Den Standort für die aktuelle Umgestaltung haben die Herbststürme „Christian“ und „Xaver“ 2013 festgelegt. „Ursprünglich sollte die Heideerweiterung am anderen Südhang direkt an der B 430 stattfinden“, erläutern Petra Harms und Jan-Marcus Carstens vom Naturschutzring Aukrug. Da „Christian“ und „Xaver“ aber auf dem näher Richtung Homfeld gelegenen Hang ganze Arbeit geleistet und nur noch wenige Bäume stehen gelassen hatten, wurde umdisponiert.

„Das Ziel dieser Maßnahme besteht darin, die traditionelle Nutzung und Heidebeweidung wie vor 100 Jahren wieder herzustellen“, sagt Jan-Marcus Carstens. Vor 200 Jahren war der Boxberg noch von einem dichten Buchenwald bedeckt. Nachdem dieser zu Beginn des 19. Jahrhunderts abgeholzt worden war, verhinderten Weidetiere die Wiederbewaldung. Stattdessen breitete sich großflächig Heide aus. Die Bewahrung und Ausweitung der Heide als eine für Aukrug typische Kulturlandschaft, die sich die Kurt-und-Erika-Schrobach-Stiftung und der Naturschutzring auf die Fahnen geschrieben haben, deckt sich mit den Zielen des europaweiten ökologischen Schutzprogramms „Natura 2000“, zu dessen netzartigem Flächensystem auch der Boxberg gehört.
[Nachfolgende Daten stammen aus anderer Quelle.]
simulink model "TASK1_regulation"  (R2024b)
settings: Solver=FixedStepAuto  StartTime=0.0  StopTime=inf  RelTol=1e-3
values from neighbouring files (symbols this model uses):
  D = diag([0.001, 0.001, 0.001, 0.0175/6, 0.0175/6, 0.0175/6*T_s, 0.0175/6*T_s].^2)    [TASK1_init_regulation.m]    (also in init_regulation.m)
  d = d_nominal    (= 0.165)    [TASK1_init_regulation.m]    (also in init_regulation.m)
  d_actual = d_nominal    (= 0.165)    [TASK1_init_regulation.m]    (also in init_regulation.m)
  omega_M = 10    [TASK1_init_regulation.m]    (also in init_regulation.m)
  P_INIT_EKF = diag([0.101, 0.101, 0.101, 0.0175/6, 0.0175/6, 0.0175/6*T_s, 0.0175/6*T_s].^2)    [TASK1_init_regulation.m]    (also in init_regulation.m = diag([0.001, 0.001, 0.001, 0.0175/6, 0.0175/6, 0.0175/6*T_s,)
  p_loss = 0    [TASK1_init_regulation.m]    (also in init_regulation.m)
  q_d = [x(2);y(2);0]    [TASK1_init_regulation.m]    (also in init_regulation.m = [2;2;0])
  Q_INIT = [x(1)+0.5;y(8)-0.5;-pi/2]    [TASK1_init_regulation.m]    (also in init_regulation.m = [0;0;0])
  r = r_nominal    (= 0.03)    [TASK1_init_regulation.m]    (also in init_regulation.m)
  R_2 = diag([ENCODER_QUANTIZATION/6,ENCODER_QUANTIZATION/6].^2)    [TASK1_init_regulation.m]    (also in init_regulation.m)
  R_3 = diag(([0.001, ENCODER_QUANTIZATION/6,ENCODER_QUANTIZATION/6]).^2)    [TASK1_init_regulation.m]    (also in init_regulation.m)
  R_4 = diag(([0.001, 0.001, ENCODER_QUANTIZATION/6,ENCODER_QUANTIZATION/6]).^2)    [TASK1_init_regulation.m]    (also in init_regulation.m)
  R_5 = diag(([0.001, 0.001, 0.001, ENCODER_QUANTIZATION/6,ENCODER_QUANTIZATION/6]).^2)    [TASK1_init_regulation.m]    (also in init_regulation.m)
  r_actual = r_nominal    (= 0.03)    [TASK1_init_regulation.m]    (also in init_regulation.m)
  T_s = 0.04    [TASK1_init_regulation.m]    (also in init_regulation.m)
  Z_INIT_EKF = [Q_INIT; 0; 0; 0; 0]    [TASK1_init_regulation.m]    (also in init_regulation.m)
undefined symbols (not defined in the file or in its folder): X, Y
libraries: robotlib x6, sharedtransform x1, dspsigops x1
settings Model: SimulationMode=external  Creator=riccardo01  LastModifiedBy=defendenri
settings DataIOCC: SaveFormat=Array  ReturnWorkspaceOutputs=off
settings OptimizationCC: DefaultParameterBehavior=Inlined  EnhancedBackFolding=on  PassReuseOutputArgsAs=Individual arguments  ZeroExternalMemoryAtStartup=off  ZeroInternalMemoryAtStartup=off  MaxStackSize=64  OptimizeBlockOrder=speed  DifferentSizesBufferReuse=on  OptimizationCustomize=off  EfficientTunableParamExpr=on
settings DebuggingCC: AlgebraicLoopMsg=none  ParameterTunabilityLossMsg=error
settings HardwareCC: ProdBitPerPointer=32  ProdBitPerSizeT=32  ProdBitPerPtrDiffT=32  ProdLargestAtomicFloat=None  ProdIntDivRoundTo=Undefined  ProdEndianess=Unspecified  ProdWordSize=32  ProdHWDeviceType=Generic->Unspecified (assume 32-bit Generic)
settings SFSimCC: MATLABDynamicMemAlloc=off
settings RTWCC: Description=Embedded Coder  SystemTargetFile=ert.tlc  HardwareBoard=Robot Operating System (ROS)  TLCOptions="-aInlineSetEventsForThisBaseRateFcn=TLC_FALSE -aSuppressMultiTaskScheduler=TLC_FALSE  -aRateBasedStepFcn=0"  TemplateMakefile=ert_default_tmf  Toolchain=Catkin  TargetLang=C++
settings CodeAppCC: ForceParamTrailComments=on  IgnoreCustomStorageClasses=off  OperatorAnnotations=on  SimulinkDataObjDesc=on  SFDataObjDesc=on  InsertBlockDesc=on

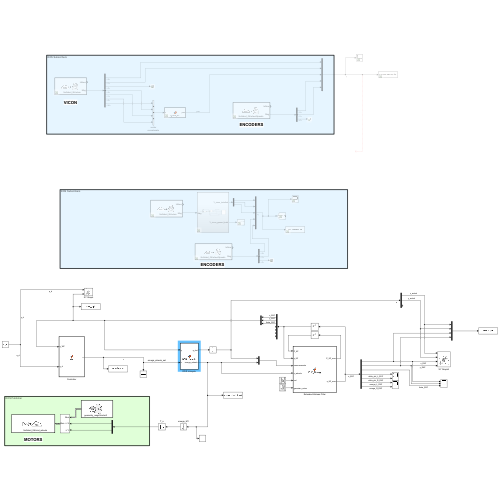
[thumbnail: Simulink's stored preview of the top-level diagram]
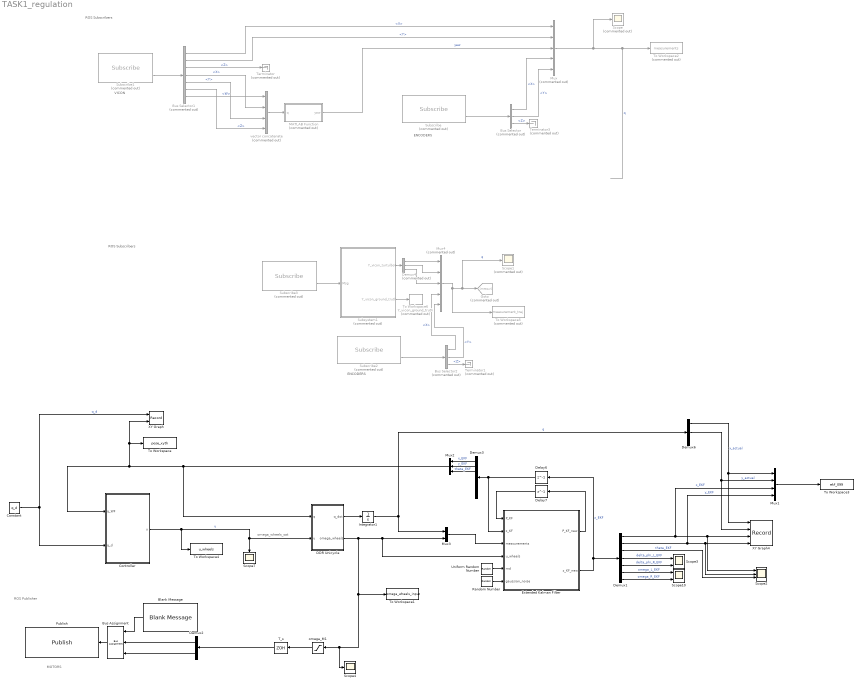
== system TASK1_regulation ==
  note: MOTORS
  note: ROS Publisher
  note: ENCODERS
  note: VICON
  note: ROS Subscribers
  note: omega_wheels_sat
  note: ENCODERS
  note: ROS Subscribers
  Blank Message : robotlib/Blank Message  messageClass=Message  entityType=geometry_msgs/Vector3  messageType=geometry_msgs/Vector3  SampleTime=T_s  legacyBusStruct=off
      settings: LibrarySourceBlock=roslib/ROS/Blank Message
  Bus Assignment : BusAssignment  AssignedSignals=X,Y
  Bus Selector : BusSelector  Commented=on  OutputSignals=X,Y,Z
  Bus Selector1 : BusSelector  Commented=on  OutputSignals=Pose.Pose.Position.X,Pose.Pose.Position.Y,Pose.Pose.Position.Z,Pose.Pose.Orientation.X,Pose.Pose.Orientation.Y,Pose.Pose.Orientation.Z,Pose.Pose.Orientation.W
  Bus Selector2 : BusSelector  Commented=on  OutputSignals=X,Y,Z
  Constant : Constant  Value=q_d
  Controller : MATLAB Function  TreatAsAtomicUnit=on
  DDR Unicycle : MATLAB Function  TreatAsAtomicUnit=on
  Delay6 : Delay  DelayLength=1  InitialCondition=Z_INIT_EKF  SampleTime=T_s
  Delay7 : Delay  DelayLength=1  InitialCondition=P_INIT_EKF  SampleTime=T_s
  Demux1 : Demux  Outputs=7
  Demux2 : Demux  Outputs=2
  Demux3 : Demux  Outputs=7
  Demux4 : Demux  Commented=on  Outputs=3
  Demux6 : Demux  Outputs=3
  Extended Kalman Filter : MATLAB Function  TreatAsAtomicUnit=on
  Goto : Goto  Commented=on  GotoTag=measur
  Integrator1 : Integrator  InitialCondition=Q_INIT
  MATLAB Function : MATLAB Function  Commented=on  TreatAsAtomicUnit=on
  Mux : Mux  Commented=on  Inputs=5
  Mux1 : Mux
  Mux2 : Mux  Inputs=3
  Mux3 : Mux  Inputs=2
  Mux4 : Mux  Commented=on  Inputs=5
  Publish : robotlib/Publish  topicSource=Specify your own  topic=/turtlebot_06/cmd_wheels  messageType=geometry_msgs/Vector3  legacyBusStruct=off  messageQueueLength=1
      settings: LibrarySourceBlock=roslib/ROS/Publish
  Random Number : RandomNumber  Variance=0.01  SampleTime=T_s
  Scope : Scope  Commented=on
  Scope1 : Scope  Commented=on
  Scope10 : Scope  NumInputPorts=2
  Scope2 : Scope  NumInputPorts=3
  Scope3 : Scope  NumInputPorts=2
  Scope4 : Scope
  Scope7 : Scope
  Subscribe : robotlib/Subscribe  Commented=on  topicSource=Specify your own  topic=/turtlebot_06/wheelSpeeds  messageType=geometry_msgs/Vector3  SampleTime=T_s  legacyBusStruct=off  messageQueueLength=1
      settings: LibrarySourceBlock=roslib/ROS/Subscribe
  Subscribe1 : robotlib/Subscribe  Commented=on  topicSource=Specify your own  topic=/turtlebot_06/odom  messageType=nav_msgs/Odometry  SampleTime=T_s  legacyBusStruct=off  messageQueueLength=1
      settings: LibrarySourceBlock=roslib/ROS/Subscribe
  Subscribe2 : robotlib/Subscribe  Commented=on  topicSource=Specify your own  topic=/turtlebot_06/wheelSpeeds  messageType=geometry_msgs/Vector3  SampleTime=T_s  legacyBusStruct=off  messageQueueLength=1
      settings: LibrarySourceBlock=roslib/ROS/Subscribe
  Subscribe3 : robotlib/Subscribe  Commented=on  topicSource=Specify your own  topic=/turtlebot_06/odom  messageType=nav_msgs/Odometry  SampleTime=T_s  legacyBusStruct=off  messageQueueLength=1
      settings: LibrarySourceBlock=roslib/ROS/Subscribe
  Subsystem1 : Subsystem  Commented=on
  T_s : ZeroOrderHold  SampleTime=T_s
  Terminator : Terminator  Commented=on
  Terminator1 : Terminator  Commented=on
  Terminator3 : Terminator  Commented=on
  To Workspace : ToWorkspace  VariableName=pose_xyth  SampleTime=-1
  To Workspace1 : ToWorkspace  VariableName=omega_wheels_input  SampleTime=-1
  To Workspace2 : ToWorkspace  Commented=on  VariableName=measurements  SampleTime=-1
  To Workspace3 : ToWorkspace  VariableName=ekf_099  SaveFormat=Structure With Time  SampleTime=-1
  To Workspace4 : ToWorkspace  VariableName=u_wheels  SampleTime=T_s
  To Workspace5 : ToWorkspace  Commented=on  VariableName=measurement_traj  SaveFormat=Timeseries  SampleTime=-1
  To Workspace6 : ToWorkspace  Commented=on  VariableName=Y_vicon_ground_truth  SaveFormat=Timeseries  SampleTime=T_s
  Uniform Random Number : UniformRandomNumber  Minimum=0  SampleTime=T_s
  XY Graph : Record  FileSettingsInternal="{\"entries\":[{\"content\":{\"excelSettings\":{\"content\":{},\"type\":\"Streamout.ExcelSettings\"}},\"type\":\"Streamout.FileSettingStorage\",\"uuid\":\"\"}],\"packageUris\":[\"http:\\/\\/schema.mathworks.com\\/mf0\\/streamout_blocks\\/R2020a\"],\"version\":\"1.0\"}"  Layout=[1 2]  SignalsInternal="{\"entries\":[{\"content\":{\"signals\":[{\"content\":{\"blockPath\":[],\"dimensions\":[3],\"domain\":\"\",\"hasChildren\":true,\"lineColor\":\"#7e2f8e\",\"lineWidth\":2,\"port\":2,\"sid\":[\"\"],\"signalID\":1,\"signalName\":\"Mux2\"},\"type\":\"RecordBlkView.Signal\",\"uuid\":\"\"},{\"content\":{\"blockPath\":[],\"channel\":[1],\"dimensions\":[3],\"domain\":\"\",\"lineColor\":\"#ff6929\",\"lineWidth\":2,\"parentID\":1,\"port\":2,\"sid\":[\"\"],\"signalID\":2,\"signalName\":\"Mux2\"},\"type\":\"RecordBlkView.Signal\",\"uuid\":\"\"},{\"content\":{\"blockPath\":[],\"dimensions\":[3],\"domain\":\"\",\"hasChildren\":true,\"lineColor\":\"#d95319\",\"lineWidth\":2,\"port\":1,\"sid\":[\"\"],\"signalID\":3,\"signalName\":\"q_d\"},\"type\":\"RecordBlkView.Signal\",\"uuid\":\"\"},{\"content\":{\"blockPath\":[],\"channel\":[1],\"dimensions\":[3],\"domain\":\"\",\"lineColor\":\"#a2142f\",\"lineWidth\":2,\"parentID\":3,\"port\":1,\"sid\":[\"\"],\"signalID\":4,\"signalName\":\"q_d\"},\"type\":\"RecordBlkView.Signal\",\"uuid\":\"\"},{\"content\":{\"blockPath\":[],\"channel\":[2],\"dimensions\":[3],\"domain\":\"\",\"lineColor\":\"#139fff\",\"lineWidth\":2,\"parentID\":1,\"port\":2,\"sid\":[\"\"],\"signalID\":5,\"signalName\":\"Mux2\"},\"type\":\"RecordBlkView.Signal\",\"uuid\":\"\"},{\"content\":{\"blockPath\":[],\"channel\":[3],\"dimensions\":[3],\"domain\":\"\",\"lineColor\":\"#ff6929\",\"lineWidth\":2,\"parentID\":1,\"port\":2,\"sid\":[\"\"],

Die Heide braucht nährstoffarme Bodenverhältnisse. Deshalb wurde auf der zukünftigen neuen Heidefläche die nährstoffhaltige Streuauflage, die sich durch die Nutzung als Nadelwald gebildet hatte, abgetragen. „Zunächst hat ein Mulcher hier die noch übrigen kleinen Bäume sowie Stubben und Äste zerkleinert, eine Stubbenfräse hat das Ganze kleingeschreddert, und dann haben wir mit dem Bagger die Humusschicht abgeschoben und mit Lastwagen abtransportiert“, beschreibt Carstens die erforderlichen Arbeitsschritte. Auf dem jetzt nährstoffarmen Sandboden kann die Heide bestens gedeihen. „Hier können die Heidesamen, die seit 100 Jahren im Boden überdauert haben, wieder aufkommen. Wir müssen also gar keine Heide säen“, erklärt Carstens.

Wenn die Heide wieder da ist, braucht sie aber die Unterstützung von vierbeinigen Landschaftspflegern. „Die Heide muss gepflegt werden, sonst würde die Fläche verbuschen.“ Deshalb werden in Zukunft Ziegen zum Einsatz kommen, um die drohende Verbuschung zurückzudrängen.